WORK ORDER: Transcribe word for word the lines below from the line with "# Sketch11 →" through the line with "12.847059375), (-24.195, 23.035890143))", ends included.

[Dataset records]
· · · ·
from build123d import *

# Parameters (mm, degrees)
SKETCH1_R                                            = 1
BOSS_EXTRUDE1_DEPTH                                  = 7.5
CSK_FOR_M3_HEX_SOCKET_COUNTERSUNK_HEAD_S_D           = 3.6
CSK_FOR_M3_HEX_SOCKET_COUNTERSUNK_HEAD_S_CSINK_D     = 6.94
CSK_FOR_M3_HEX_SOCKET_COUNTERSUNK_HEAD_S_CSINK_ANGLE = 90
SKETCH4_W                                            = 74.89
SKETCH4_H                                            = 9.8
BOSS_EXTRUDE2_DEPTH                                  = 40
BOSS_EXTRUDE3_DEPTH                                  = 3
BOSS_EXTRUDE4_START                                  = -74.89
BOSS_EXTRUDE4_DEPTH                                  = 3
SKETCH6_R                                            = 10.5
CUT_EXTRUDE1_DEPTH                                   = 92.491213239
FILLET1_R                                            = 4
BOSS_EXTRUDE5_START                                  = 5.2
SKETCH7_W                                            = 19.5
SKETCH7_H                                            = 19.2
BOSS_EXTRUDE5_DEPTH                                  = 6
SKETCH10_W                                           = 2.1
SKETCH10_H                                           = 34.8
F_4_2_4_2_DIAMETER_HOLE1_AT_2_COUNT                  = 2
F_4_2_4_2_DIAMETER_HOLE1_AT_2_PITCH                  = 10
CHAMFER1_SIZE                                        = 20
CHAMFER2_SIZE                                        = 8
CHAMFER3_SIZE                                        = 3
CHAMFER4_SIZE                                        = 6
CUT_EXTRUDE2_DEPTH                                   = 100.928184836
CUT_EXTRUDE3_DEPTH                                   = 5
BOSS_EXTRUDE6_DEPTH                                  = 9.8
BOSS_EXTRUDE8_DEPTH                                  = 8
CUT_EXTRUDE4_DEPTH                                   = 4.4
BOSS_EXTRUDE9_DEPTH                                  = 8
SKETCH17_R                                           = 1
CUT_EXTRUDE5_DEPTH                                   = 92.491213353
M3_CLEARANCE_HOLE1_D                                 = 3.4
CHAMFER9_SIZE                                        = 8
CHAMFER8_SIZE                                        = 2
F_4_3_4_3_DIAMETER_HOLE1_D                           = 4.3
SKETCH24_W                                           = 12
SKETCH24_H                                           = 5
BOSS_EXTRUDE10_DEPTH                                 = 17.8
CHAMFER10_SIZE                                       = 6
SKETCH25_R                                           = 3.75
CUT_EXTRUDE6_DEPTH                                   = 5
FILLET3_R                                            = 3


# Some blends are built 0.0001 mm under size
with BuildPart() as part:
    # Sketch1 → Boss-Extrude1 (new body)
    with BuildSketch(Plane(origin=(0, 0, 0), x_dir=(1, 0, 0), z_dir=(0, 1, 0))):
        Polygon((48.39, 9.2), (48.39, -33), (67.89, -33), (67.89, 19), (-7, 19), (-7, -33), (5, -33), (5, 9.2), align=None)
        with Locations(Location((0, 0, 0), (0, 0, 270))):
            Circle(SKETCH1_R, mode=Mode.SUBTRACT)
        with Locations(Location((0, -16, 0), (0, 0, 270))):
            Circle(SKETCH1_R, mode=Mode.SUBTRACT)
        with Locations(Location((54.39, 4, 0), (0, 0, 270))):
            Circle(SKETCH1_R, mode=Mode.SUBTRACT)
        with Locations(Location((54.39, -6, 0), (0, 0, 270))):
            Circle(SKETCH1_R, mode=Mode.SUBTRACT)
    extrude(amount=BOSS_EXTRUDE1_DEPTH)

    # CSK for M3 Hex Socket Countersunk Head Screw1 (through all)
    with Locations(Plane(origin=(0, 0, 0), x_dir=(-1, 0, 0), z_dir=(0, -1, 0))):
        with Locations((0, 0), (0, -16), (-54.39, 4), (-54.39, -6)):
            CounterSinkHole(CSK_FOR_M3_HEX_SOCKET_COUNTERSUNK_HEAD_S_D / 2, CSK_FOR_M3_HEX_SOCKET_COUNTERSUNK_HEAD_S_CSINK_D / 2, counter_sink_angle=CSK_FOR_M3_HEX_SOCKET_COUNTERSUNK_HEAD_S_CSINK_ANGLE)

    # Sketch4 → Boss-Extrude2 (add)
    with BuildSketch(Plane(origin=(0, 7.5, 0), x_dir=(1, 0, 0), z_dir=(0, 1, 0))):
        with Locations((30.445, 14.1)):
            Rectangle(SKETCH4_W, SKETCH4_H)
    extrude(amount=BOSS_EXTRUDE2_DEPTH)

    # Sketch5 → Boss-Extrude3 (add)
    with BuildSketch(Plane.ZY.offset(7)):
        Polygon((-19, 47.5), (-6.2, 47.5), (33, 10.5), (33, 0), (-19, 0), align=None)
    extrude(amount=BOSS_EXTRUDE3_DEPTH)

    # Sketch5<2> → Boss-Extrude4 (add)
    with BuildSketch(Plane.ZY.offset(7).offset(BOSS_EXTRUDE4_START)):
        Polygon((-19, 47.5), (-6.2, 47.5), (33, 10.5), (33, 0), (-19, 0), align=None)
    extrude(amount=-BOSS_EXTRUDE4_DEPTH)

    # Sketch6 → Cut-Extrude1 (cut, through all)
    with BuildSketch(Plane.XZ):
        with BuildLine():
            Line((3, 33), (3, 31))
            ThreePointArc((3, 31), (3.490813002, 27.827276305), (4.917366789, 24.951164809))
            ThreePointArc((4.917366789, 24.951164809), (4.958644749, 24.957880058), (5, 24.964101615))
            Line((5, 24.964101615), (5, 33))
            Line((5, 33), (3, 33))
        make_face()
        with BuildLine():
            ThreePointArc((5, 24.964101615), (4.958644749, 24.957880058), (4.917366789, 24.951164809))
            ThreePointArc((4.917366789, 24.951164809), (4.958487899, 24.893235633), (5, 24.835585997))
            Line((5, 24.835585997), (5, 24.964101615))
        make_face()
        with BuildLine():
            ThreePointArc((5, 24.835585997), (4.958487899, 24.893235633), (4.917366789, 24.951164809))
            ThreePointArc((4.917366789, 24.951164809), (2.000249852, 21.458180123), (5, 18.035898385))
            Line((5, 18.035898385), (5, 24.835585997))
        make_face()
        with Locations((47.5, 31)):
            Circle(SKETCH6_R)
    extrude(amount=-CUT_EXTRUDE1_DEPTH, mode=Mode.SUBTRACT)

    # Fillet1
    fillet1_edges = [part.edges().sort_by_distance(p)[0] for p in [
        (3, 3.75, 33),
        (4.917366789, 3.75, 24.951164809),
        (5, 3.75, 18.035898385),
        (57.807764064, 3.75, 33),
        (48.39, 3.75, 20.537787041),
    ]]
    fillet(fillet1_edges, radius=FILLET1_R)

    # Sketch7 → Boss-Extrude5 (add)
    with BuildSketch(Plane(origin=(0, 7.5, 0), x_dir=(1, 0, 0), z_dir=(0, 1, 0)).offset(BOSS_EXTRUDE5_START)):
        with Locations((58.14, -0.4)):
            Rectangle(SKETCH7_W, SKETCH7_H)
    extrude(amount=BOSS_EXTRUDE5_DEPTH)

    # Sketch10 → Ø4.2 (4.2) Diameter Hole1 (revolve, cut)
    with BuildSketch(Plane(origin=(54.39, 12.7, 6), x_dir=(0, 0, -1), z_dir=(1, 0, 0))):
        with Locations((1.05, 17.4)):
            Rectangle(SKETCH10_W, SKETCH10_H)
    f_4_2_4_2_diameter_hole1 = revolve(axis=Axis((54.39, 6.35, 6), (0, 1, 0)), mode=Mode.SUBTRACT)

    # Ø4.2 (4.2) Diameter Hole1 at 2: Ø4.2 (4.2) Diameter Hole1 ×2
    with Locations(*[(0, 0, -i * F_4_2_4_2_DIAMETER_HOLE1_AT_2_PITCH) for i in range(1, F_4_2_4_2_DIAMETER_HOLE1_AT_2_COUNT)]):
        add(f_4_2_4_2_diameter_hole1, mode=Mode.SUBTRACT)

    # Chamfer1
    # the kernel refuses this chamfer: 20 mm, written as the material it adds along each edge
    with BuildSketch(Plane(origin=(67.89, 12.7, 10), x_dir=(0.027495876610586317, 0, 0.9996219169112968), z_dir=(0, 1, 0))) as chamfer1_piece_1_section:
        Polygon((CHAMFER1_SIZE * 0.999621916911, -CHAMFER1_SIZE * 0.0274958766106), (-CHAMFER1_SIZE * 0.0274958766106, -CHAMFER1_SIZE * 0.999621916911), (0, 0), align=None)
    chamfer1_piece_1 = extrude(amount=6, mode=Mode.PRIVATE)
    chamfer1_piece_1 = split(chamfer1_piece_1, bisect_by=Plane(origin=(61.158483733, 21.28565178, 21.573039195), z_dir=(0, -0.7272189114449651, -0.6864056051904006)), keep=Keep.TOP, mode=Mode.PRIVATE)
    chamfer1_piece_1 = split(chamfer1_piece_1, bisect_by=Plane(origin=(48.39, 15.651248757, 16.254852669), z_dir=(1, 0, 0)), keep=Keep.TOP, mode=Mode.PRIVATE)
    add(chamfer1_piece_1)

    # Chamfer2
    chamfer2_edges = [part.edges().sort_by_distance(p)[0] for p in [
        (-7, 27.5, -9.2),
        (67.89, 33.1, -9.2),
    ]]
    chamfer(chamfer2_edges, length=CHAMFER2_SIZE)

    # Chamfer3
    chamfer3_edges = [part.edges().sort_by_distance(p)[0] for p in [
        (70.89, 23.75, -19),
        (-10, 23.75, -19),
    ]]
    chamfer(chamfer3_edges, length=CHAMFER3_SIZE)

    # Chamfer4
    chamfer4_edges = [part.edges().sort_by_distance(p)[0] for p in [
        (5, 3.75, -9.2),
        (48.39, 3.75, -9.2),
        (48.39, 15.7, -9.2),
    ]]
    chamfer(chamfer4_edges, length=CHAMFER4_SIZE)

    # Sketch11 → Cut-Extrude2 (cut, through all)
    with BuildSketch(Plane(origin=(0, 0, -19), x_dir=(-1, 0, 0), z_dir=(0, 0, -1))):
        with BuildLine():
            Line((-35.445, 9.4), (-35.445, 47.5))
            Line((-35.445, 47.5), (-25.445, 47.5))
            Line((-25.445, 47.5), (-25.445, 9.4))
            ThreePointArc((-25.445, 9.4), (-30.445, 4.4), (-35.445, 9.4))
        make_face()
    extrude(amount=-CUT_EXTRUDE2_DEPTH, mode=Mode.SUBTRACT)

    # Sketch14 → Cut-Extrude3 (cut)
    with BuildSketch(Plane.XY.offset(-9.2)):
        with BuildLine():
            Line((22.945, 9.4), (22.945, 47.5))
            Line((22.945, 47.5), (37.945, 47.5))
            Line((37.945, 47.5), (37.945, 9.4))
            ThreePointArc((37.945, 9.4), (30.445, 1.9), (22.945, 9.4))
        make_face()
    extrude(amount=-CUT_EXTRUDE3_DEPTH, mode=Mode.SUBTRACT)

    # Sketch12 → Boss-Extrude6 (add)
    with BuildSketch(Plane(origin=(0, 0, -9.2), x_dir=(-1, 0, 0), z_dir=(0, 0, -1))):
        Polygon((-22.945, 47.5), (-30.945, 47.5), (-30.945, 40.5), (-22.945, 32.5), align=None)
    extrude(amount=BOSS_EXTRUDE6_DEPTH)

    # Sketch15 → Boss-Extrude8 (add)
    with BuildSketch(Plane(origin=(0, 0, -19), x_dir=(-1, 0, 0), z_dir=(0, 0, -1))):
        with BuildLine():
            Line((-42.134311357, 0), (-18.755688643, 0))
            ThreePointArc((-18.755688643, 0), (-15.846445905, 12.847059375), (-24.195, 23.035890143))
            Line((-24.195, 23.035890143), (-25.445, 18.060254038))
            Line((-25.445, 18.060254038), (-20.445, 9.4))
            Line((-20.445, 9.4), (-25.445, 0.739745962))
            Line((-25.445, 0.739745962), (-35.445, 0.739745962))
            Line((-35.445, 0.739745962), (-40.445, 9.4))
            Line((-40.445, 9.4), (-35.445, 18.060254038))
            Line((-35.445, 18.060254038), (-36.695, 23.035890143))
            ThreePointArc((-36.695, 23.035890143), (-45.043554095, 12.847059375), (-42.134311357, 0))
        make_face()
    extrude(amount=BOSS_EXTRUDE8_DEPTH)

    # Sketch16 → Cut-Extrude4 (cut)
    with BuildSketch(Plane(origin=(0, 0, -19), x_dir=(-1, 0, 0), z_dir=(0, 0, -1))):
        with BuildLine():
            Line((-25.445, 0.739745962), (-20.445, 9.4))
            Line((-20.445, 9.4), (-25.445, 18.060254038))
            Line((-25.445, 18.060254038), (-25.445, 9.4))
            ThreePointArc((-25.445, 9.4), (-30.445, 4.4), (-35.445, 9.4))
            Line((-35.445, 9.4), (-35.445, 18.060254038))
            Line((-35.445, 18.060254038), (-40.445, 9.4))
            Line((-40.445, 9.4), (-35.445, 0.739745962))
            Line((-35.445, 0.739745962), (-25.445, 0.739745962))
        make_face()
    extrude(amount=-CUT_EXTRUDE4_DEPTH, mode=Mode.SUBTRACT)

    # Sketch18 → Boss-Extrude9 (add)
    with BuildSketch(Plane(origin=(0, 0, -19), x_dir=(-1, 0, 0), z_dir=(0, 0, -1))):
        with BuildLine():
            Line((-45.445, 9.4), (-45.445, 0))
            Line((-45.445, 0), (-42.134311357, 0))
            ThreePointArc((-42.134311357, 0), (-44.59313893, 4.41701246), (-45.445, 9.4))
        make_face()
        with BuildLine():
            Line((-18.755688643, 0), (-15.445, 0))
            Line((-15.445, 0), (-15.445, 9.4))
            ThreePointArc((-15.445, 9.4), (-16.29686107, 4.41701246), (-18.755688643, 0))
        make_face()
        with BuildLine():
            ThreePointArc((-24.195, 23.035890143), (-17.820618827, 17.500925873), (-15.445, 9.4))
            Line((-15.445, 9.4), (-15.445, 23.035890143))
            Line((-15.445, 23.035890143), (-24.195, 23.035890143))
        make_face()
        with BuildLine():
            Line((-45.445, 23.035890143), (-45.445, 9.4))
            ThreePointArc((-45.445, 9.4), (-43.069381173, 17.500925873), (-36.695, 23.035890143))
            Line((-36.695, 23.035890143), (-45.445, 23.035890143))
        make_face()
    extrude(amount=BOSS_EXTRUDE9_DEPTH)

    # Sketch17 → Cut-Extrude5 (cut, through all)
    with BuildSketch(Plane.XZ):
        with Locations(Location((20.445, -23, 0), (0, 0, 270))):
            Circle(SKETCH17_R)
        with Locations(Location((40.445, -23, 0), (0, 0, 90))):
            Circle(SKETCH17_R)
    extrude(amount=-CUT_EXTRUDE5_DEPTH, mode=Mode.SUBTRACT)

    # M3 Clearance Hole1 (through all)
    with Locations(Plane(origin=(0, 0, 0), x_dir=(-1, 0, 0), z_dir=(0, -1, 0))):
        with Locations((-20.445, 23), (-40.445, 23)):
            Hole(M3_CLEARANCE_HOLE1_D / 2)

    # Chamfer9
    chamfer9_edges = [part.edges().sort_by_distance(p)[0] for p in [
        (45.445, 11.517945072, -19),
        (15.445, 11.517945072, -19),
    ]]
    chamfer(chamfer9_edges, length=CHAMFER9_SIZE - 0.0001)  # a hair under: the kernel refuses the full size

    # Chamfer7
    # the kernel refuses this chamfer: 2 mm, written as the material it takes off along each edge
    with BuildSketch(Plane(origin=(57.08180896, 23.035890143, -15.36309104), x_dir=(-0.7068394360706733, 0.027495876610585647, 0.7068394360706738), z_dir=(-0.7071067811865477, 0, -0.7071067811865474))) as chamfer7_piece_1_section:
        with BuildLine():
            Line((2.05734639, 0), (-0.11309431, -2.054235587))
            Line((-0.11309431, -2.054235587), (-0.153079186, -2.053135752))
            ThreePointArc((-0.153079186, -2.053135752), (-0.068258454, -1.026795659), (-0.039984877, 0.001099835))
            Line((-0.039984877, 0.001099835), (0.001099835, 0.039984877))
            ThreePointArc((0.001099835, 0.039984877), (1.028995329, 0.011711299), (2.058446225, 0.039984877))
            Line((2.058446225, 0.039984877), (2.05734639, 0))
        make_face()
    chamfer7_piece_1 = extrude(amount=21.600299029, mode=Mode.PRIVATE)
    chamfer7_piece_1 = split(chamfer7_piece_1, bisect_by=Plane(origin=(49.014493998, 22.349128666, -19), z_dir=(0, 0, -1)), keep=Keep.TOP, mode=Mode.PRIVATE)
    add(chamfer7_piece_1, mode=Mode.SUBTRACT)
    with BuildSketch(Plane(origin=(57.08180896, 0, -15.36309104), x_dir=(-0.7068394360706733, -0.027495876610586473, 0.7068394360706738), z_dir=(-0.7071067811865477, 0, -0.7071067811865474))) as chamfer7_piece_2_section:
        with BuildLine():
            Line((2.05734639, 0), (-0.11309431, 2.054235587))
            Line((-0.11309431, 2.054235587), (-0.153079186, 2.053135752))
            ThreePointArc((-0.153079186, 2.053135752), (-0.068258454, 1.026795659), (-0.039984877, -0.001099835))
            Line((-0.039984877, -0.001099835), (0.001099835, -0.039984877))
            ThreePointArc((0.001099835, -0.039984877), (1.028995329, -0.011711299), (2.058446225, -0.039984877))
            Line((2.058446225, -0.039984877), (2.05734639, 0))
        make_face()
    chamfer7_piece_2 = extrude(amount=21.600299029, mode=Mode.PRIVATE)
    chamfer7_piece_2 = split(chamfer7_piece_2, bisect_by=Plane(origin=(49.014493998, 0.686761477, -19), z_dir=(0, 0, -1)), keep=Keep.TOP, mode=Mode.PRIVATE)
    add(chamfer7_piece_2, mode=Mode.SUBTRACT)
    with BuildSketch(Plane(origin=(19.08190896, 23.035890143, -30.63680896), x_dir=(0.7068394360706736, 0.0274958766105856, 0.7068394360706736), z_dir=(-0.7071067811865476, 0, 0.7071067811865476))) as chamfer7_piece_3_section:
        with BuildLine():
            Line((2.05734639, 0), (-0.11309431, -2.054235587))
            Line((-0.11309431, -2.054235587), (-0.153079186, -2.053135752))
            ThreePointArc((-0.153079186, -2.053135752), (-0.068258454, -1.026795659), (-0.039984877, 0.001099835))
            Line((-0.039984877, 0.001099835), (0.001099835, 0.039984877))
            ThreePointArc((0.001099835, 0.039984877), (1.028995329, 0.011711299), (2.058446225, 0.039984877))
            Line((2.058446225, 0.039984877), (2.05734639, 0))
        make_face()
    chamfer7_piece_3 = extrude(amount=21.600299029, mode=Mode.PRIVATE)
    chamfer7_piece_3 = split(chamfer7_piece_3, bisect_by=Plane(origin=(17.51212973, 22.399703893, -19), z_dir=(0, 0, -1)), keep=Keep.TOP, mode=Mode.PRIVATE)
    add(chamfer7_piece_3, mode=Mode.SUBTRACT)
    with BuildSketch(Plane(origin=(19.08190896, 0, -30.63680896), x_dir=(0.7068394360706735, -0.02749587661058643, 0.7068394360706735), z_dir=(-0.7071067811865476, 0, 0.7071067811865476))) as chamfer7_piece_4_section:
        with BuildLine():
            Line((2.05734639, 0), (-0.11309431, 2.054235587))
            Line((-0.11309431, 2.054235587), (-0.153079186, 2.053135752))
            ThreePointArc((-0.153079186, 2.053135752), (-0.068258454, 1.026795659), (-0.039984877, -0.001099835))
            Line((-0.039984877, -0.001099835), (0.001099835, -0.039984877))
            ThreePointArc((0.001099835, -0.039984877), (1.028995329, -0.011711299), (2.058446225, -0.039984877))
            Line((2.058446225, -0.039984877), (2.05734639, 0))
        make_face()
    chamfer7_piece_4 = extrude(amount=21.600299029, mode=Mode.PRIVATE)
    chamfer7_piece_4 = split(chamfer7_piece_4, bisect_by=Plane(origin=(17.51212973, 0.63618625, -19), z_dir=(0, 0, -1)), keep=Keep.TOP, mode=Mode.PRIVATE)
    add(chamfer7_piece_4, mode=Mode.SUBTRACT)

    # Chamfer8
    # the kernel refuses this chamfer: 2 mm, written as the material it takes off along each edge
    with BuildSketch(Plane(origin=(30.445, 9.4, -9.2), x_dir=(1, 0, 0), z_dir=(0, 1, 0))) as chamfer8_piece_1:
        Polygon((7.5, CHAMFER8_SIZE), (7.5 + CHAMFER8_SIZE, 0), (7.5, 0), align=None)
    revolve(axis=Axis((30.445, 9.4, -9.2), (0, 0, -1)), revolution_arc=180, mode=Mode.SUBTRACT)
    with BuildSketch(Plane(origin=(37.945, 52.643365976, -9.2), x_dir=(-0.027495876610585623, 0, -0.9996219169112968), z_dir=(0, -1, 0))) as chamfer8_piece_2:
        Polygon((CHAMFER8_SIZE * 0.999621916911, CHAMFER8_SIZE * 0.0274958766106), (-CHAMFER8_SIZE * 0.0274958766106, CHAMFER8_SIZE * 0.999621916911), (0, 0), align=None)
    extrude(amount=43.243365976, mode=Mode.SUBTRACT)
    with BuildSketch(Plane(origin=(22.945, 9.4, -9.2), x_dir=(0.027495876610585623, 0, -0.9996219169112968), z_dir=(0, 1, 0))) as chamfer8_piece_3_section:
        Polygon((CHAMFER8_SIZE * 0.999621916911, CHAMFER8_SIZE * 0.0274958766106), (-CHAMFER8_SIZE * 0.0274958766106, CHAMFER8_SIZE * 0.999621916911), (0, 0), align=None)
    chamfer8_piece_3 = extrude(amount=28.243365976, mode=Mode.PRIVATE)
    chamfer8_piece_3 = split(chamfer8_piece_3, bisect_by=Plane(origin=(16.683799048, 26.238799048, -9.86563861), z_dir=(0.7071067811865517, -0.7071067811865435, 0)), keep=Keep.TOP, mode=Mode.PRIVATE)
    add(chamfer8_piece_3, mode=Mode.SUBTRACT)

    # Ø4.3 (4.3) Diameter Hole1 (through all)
· · · ·
ANSWER BOX:
    # Sketch11 → Cut-Extrude2 (cut, through all)
    with BuildSketch(Plane(origin=(0, 0, -19), x_dir=(-1, 0, 0), z_dir=(0, 0, -1))):
        with BuildLine():
            Line((-35.445, 9.4), (-35.445, 47.5))
            Line((-35.445, 47.5), (-25.445, 47.5))
            Line((-25.445, 47.5), (-25.445, 9.4))
            ThreePointArc((-25.445, 9.4), (-30.445, 4.4), (-35.445, 9.4))
        make_face()
    extrude(amount=-CUT_EXTRUDE2_DEPTH, mode=Mode.SUBTRACT)

    # Sketch14 → Cut-Extrude3 (cut)
    with BuildSketch(Plane.XY.offset(-9.2)):
        with BuildLine():
            Line((22.945, 9.4), (22.945, 47.5))
            Line((22.945, 47.5), (37.945, 47.5))
            Line((37.945, 47.5), (37.945, 9.4))
            ThreePointArc((37.945, 9.4), (30.445, 1.9), (22.945, 9.4))
        make_face()
    extrude(amount=-CUT_EXTRUDE3_DEPTH, mode=Mode.SUBTRACT)

    # Sketch12 → Boss-Extrude6 (add)
    with BuildSketch(Plane(origin=(0, 0, -9.2), x_dir=(-1, 0, 0), z_dir=(0, 0, -1))):
        Polygon((-22.945, 47.5), (-30.945, 47.5), (-30.945, 40.5), (-22.945, 32.5), align=None)
    extrude(amount=BOSS_EXTRUDE6_DEPTH)

    # Sketch15 → Boss-Extrude8 (add)
    with BuildSketch(Plane(origin=(0, 0, -19), x_dir=(-1, 0, 0), z_dir=(0, 0, -1))):
        with BuildLine():
            Line((-42.134311357, 0), (-18.755688643, 0))
            ThreePointArc((-18.755688643, 0), (-15.846445905, 12.847059375), (-24.195, 23.035890143))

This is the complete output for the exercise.